Azza M Noor El Deen et al. Int J Biol Macromol. 2024 Jun.

Erratum in

Abstract

Scleroglucan is a notable member of the β-glucan microbial polysaccharides with a long tradition of industrial and therapeutic use. The local strain, previously identified as Athelia rolfsii TEMG MH 236106 produced an appreciable amount of scleroglucan using glucose as a carbon source and yeast extract as a nitrogen source.

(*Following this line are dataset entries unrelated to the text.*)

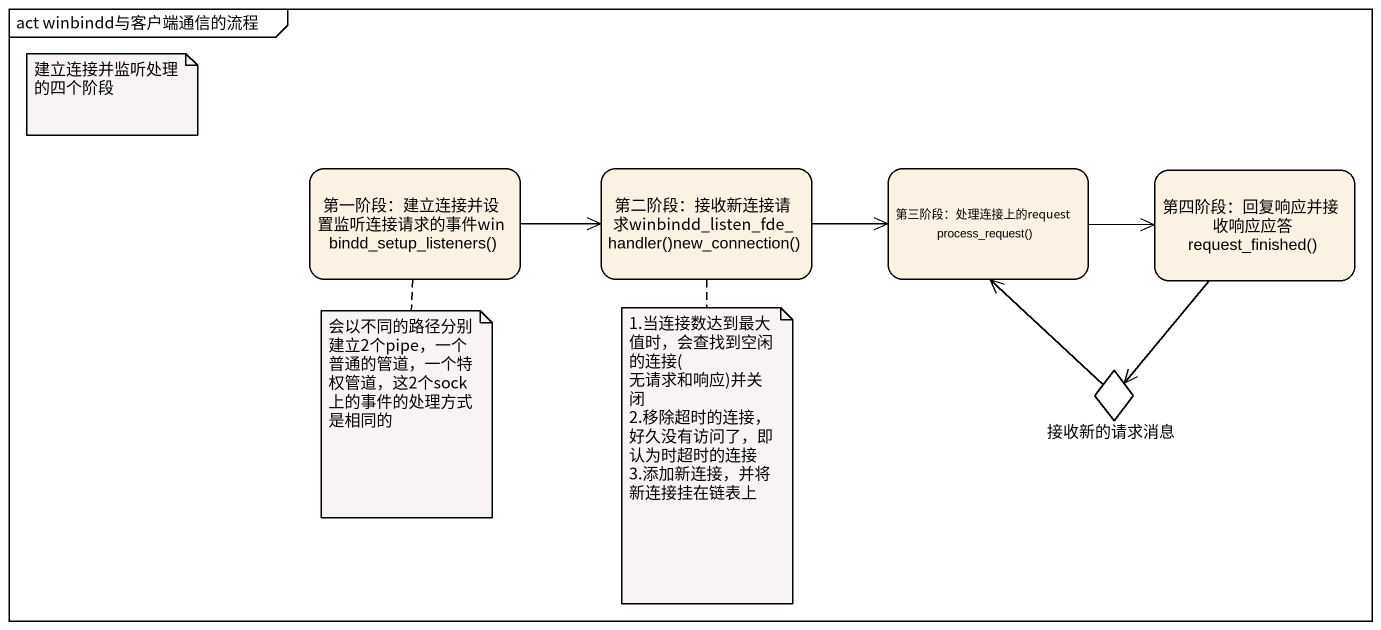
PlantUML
@startuml
mainframe act winbindd与客户端通信的流程
hide empty description
state "第一阶段：建立连接并设置监听连接请求的事件winbindd_setup_listeners()" as 第一阶段_建立连接并设置监听连接请求的事件winbind
state "第二阶段：接收新连接请求winbindd_listen_fde_handler()new_connection()" as 第二阶段_接收新连接请求winbindd_listen
state "第三阶段：处理连接上的request process_request()" as 第三阶段_处理连接上的request_process
state "第四阶段：回复响应并接收响应应答 request_finished()" as 第四阶段_回复响应并接收响应应答_request
state 接收新的请求消息 <<choice>>
第一阶段_建立连接并设置监听连接请求的事件winbind -right-> 第二阶段_接收新连接请求winbindd_listen
第二阶段_接收新连接请求winbindd_listen -right-> 第三阶段_处理连接上的request_process
第三阶段_处理连接上的request_process -right-> 第四阶段_回复响应并接收响应应答_request
第四阶段_回复响应并接收响应应答_request --> 接收新的请求消息
接收新的请求消息 -up-> 第三阶段_处理连接上的request_process
note as N1
  建立连接并监听处理的四个阶段
end note
note bottom of 第一阶段_建立连接并设置监听连接请求的事件winbind : 会以不同的路径分别建立2个pipe，一个普通的管道，一个特权管道，这2个sock上的事件的处理方式是相同的
note bottom of 第二阶段_接收新连接请求winbindd_listen
  1.当连接数达到最大值时，会查找到空闲的连接(无请求和响应)并关闭
  2.移除超时的连接，好久没有访问了，即认为时超时的连接
  3.添加新连接，并将新连接挂在链表上
end note
@enduml
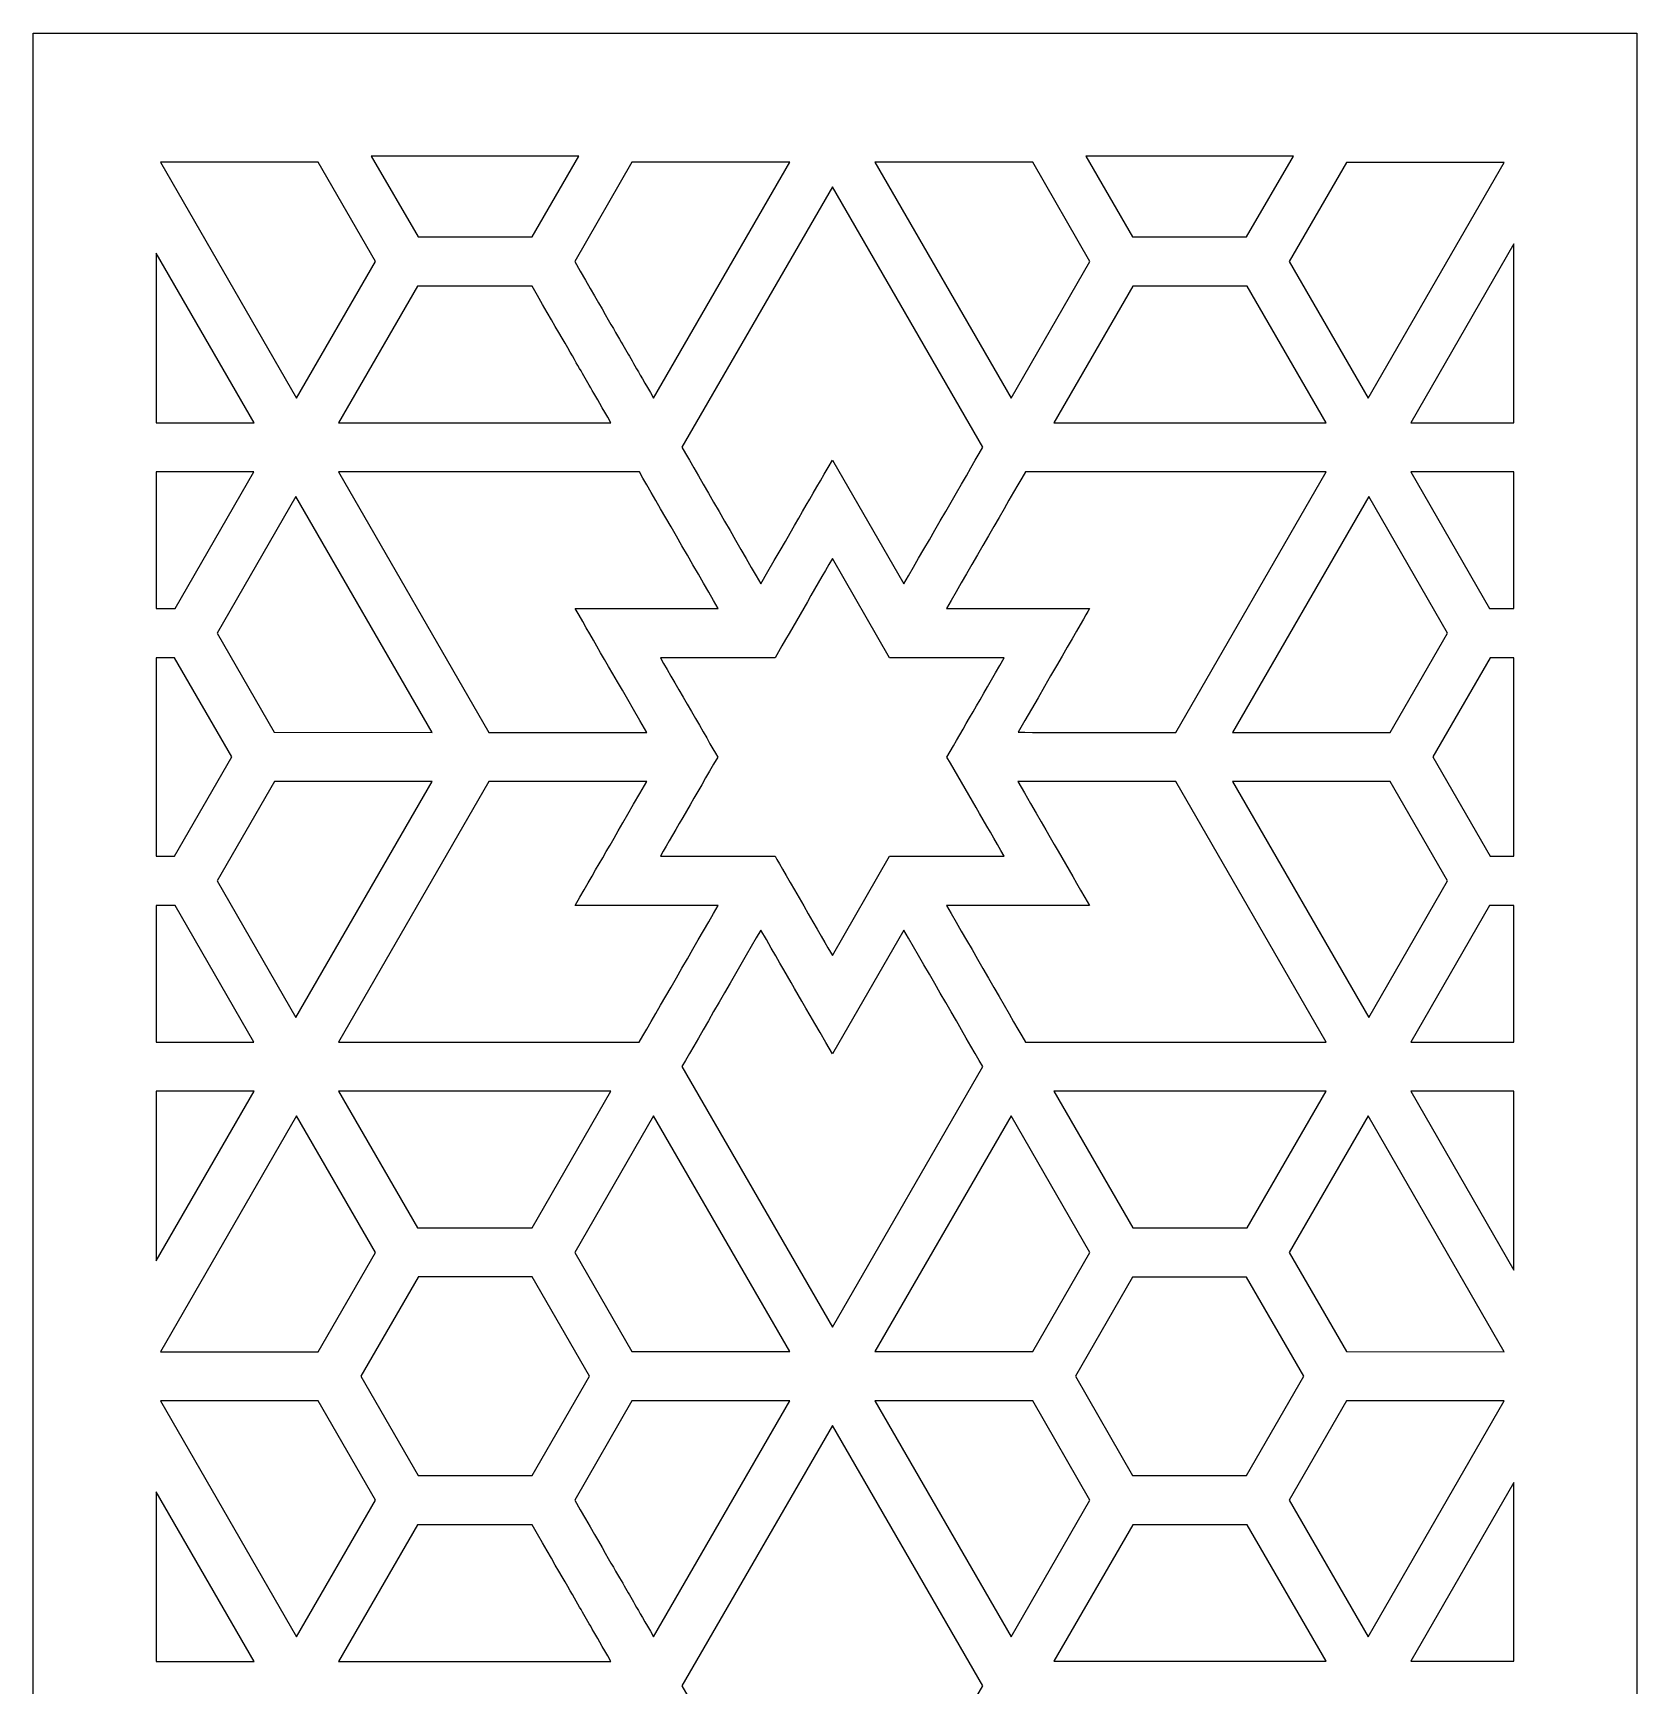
# Model space of a CAD drawing. Header units: millimetres. Extents: x -31 to 31, y -125 to 125.
# Drawn here: x -31.2 to 31.3, y 60.7 to 125.1 of the extents above; entities that cross this region are included whole.
import ezdxf

# ---------------------------------------------------------------- set-up
doc = ezdxf.new("R2010")
doc.units = ezdxf.units.MM
doc.header["$MEASUREMENT"] = 0
doc.layers.add('layer 1', color=7, linetype='Continuous')

msp = doc.modelspace()

# ---------------------------------------------------------------- linework, layer by layer
at = {"layer": 'layer 1', "color": 250}
for points, knots in [([(-31.2209, 125.1165), (-31.2209, 125.1165), (-31.2209, -124.8834), (-31.2209, -124.8834), (-31.2209, -124.8834), (-31.2209, -124.8834), (31.279, -124.8834), (31.279, -124.8834), (31.279, -124.8834), (31.279, -124.8834), (31.279, 125.1165), (31.279, 125.1165), (31.279, 125.1165), (31.279, 125.1165), (-31.2209, 125.1165), (-31.2209, 125.1165)], [0, 0, 0, 0, 0.2, 0.2, 0.2, 0.2, 0.4, 0.4, 0.4, 0.4, 0.6, 0.6, 0.6, 0.6, 1, 1, 1, 1]), ([(-20.1135, 120.0806), (-20.1135, 120.0806), (-17.8783, 116.2106), (-17.8783, 116.2106), (-17.8783, 116.2106), (-17.8783, 116.2106), (-20.9523, 110.8872), (-20.9523, 110.8872), (-20.9523, 110.8872), (-20.9523, 110.8872), (-26.2599, 120.0806), (-26.2599, 120.0806), (-26.2599, 120.0806), (-26.2599, 120.0806), (-20.1135, 120.0806), (-20.1135, 120.0806)], [0, 0, 0, 0, 0.2, 0.2, 0.2, 0.2, 0.4, 0.4, 0.4, 0.4, 0.6, 0.6, 0.6, 0.6, 1, 1, 1, 1]), ([(-9.9551, 120.3233), (-9.9551, 120.3233), (-11.7764, 117.1695), (-11.7764, 117.1695), (-11.7764, 117.1695), (-11.7764, 117.1695), (-16.2198, 117.1695), (-16.2198, 117.1695), (-16.2198, 117.1695), (-16.2198, 117.1695), (-18.0411, 120.3233), (-18.0411, 120.3233), (-18.0411, 120.3233), (-18.0411, 120.3233), (-9.9551, 120.3233), (-9.9551, 120.3233)], [0, 0, 0, 0, 0.2, 0.2, 0.2, 0.2, 0.4, 0.4, 0.4, 0.4, 0.6, 0.6, 0.6, 0.6, 1, 1, 1, 1]), ([(-1.7364, 120.0806), (-1.7364, 120.0806), (-7.0425, 110.8886), (-7.0425, 110.8886), (-7.0425, 110.8886), (-8.4292, 113.2903), (-7.6863, 112.0041), (-10.1148, 116.2124), (-10.1148, 116.2124), (-10.1148, 116.2124), (-7.8828, 120.0806), (-7.8828, 120.0806), (-7.8828, 120.0806), (-7.8828, 120.0806), (-1.7364, 120.0806), (-1.7364, 120.0806)], [0, 0, 0, 0, 0.2, 0.2, 0.2, 0.2, 0.4, 0.4, 0.4, 0.4, 0.6, 0.6, 0.6, 0.6, 1, 1, 1, 1]), ([(7.7336, 120.0806), (7.7336, 120.0806), (9.9653, 116.2138), (9.9653, 116.2138), (9.9653, 116.2138), (9.9653, 116.2138), (6.8929, 110.8904), (6.8929, 110.8904), (6.8929, 110.8904), (6.8929, 110.8904), (1.5869, 120.0806), (1.5869, 120.0806), (1.5869, 120.0806), (1.5869, 120.0806), (7.7336, 120.0806), (7.7336, 120.0806)], [0, 0, 0, 0, 0.2, 0.2, 0.2, 0.2, 0.4, 0.4, 0.4, 0.4, 0.6, 0.6, 0.6, 0.6, 1, 1, 1, 1]), ([(17.8901, 120.3233), (17.8901, 120.3233), (16.0704, 117.1727), (16.0704, 117.1727), (16.0704, 117.1727), (16.0704, 117.1727), (11.6272, 117.1709), (11.6272, 117.1709), (11.6272, 117.1709), (11.6272, 117.1709), (9.8072, 120.3233), (9.8072, 120.3233), (9.8072, 120.3233), (9.8072, 120.3233), (17.8901, 120.3233), (17.8901, 120.3233)], [0, 0, 0, 0, 0.2, 0.2, 0.2, 0.2, 0.4, 0.4, 0.4, 0.4, 0.6, 0.6, 0.6, 0.6, 1, 1, 1, 1]), ([(26.1091, 120.0774), (26.1091, 120.0774), (20.8043, 110.8904), (20.8043, 110.8904), (20.8043, 110.8904), (20.8043, 110.8904), (17.732, 116.2138), (17.732, 116.2138), (17.732, 116.2138), (17.732, 116.2138), (19.9626, 120.0774), (19.9626, 120.0774), (19.9626, 120.0774), (19.9626, 120.0774), (26.1091, 120.0774), (26.1091, 120.0774)], [0, 0, 0, 0, 0.2, 0.2, 0.2, 0.2, 0.4, 0.4, 0.4, 0.4, 0.6, 0.6, 0.6, 0.6, 1, 1, 1, 1]), ([(5.7873, 108.9716), (5.0923, 107.7701), (3.6608, 105.2886), (2.7117, 103.6479), (2.7117, 103.6479), (2.7117, 103.6479), (-0.0747, 108.4746), (-0.0747, 108.4746), (-0.0747, 108.4746), (-0.9934, 106.8832), (-1.3193, 106.3226), (-2.8611, 103.6479), (-2.8611, 103.6479), (-3.7895, 105.2537), (-5.2482, 107.7828), (-5.9352, 108.9716), (-5.9352, 108.9716), (-5.9352, 108.9716), (-0.0747, 119.1235), (-0.0747, 119.1235), (-0.0747, 119.1235), (-0.0747, 119.1235), (5.7873, 108.9716), (5.7873, 108.9716)], [0, 0, 0, 0, 0.1428571, 0.1428571, 0.1428571, 0.1428571, 0.2857143, 0.2857143, 0.2857143, 0.2857143, 0.4285714, 0.4285714, 0.4285714, 0.4285714, 0.5714286, 0.5714286, 0.5714286, 0.5714286, 0.7142857, 0.7142857, 0.7142857, 0.7142857, 1, 1, 1, 1]), ([(26.4858, 109.9301), (26.4858, 109.9301), (22.4645, 109.9301), (22.4645, 109.9301), (22.4645, 109.9301), (22.4645, 109.9301), (26.4858, 116.8978), (26.4858, 116.8978), (26.4858, 116.8978), (26.4858, 116.8978), (26.4858, 109.9301), (26.4858, 109.9301)], [0, 0, 0, 0, 0.25, 0.25, 0.25, 0.25, 0.5, 0.5, 0.5, 0.5, 1, 1, 1, 1]), ([(-26.4278, 116.5384), (-26.4278, 116.5384), (-22.6107, 109.927), (-22.6107, 109.927), (-22.6107, 109.927), (-22.6107, 109.927), (-26.4278, 109.927), (-26.4278, 109.927), (-26.4278, 109.927), (-26.4278, 109.927), (-26.4278, 116.5384), (-26.4278, 116.5384)], [0, 0, 0, 0, 0.25, 0.25, 0.25, 0.25, 0.5, 0.5, 0.5, 0.5, 1, 1, 1, 1]), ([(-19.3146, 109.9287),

Plackett-Burman design was employed to effectively screen critical medium composition, culture, and fermentation conditions. Athelia rolfsii TEMG MH 236106 produced the maximum amount of scleroglucan (18.12 g/L) with a 45.3 % glucose conversion. Out of the eleven variables, the most effective factors showing a high level of significance are as follows: glucose, yeast extract, citric acid, inoculum disc numbers, culture volume and incubation time. An update to maximize scleroglucan production in the central composite design for four parameters (glucose and yeast extract concentrations, disc number, medium volume and incubation time) with 31 runs was applied and the production of scleroglucan reached its maximum at 31.56 g/L with 78.9 % glucose conversion. Three models of Sclg-5-fluorouracil complexes have been employed to study in vitro drug release investigations. Hence, the Sclg-5-FU (5 and 10 mg/mL) models appeared to be the most suitable for drug administration due to their concentration and distribution within capsules.

Keywords: Plackett-Burman and central composite designs; Scleroglucan optimization; Sclg-5-fluorouracil release.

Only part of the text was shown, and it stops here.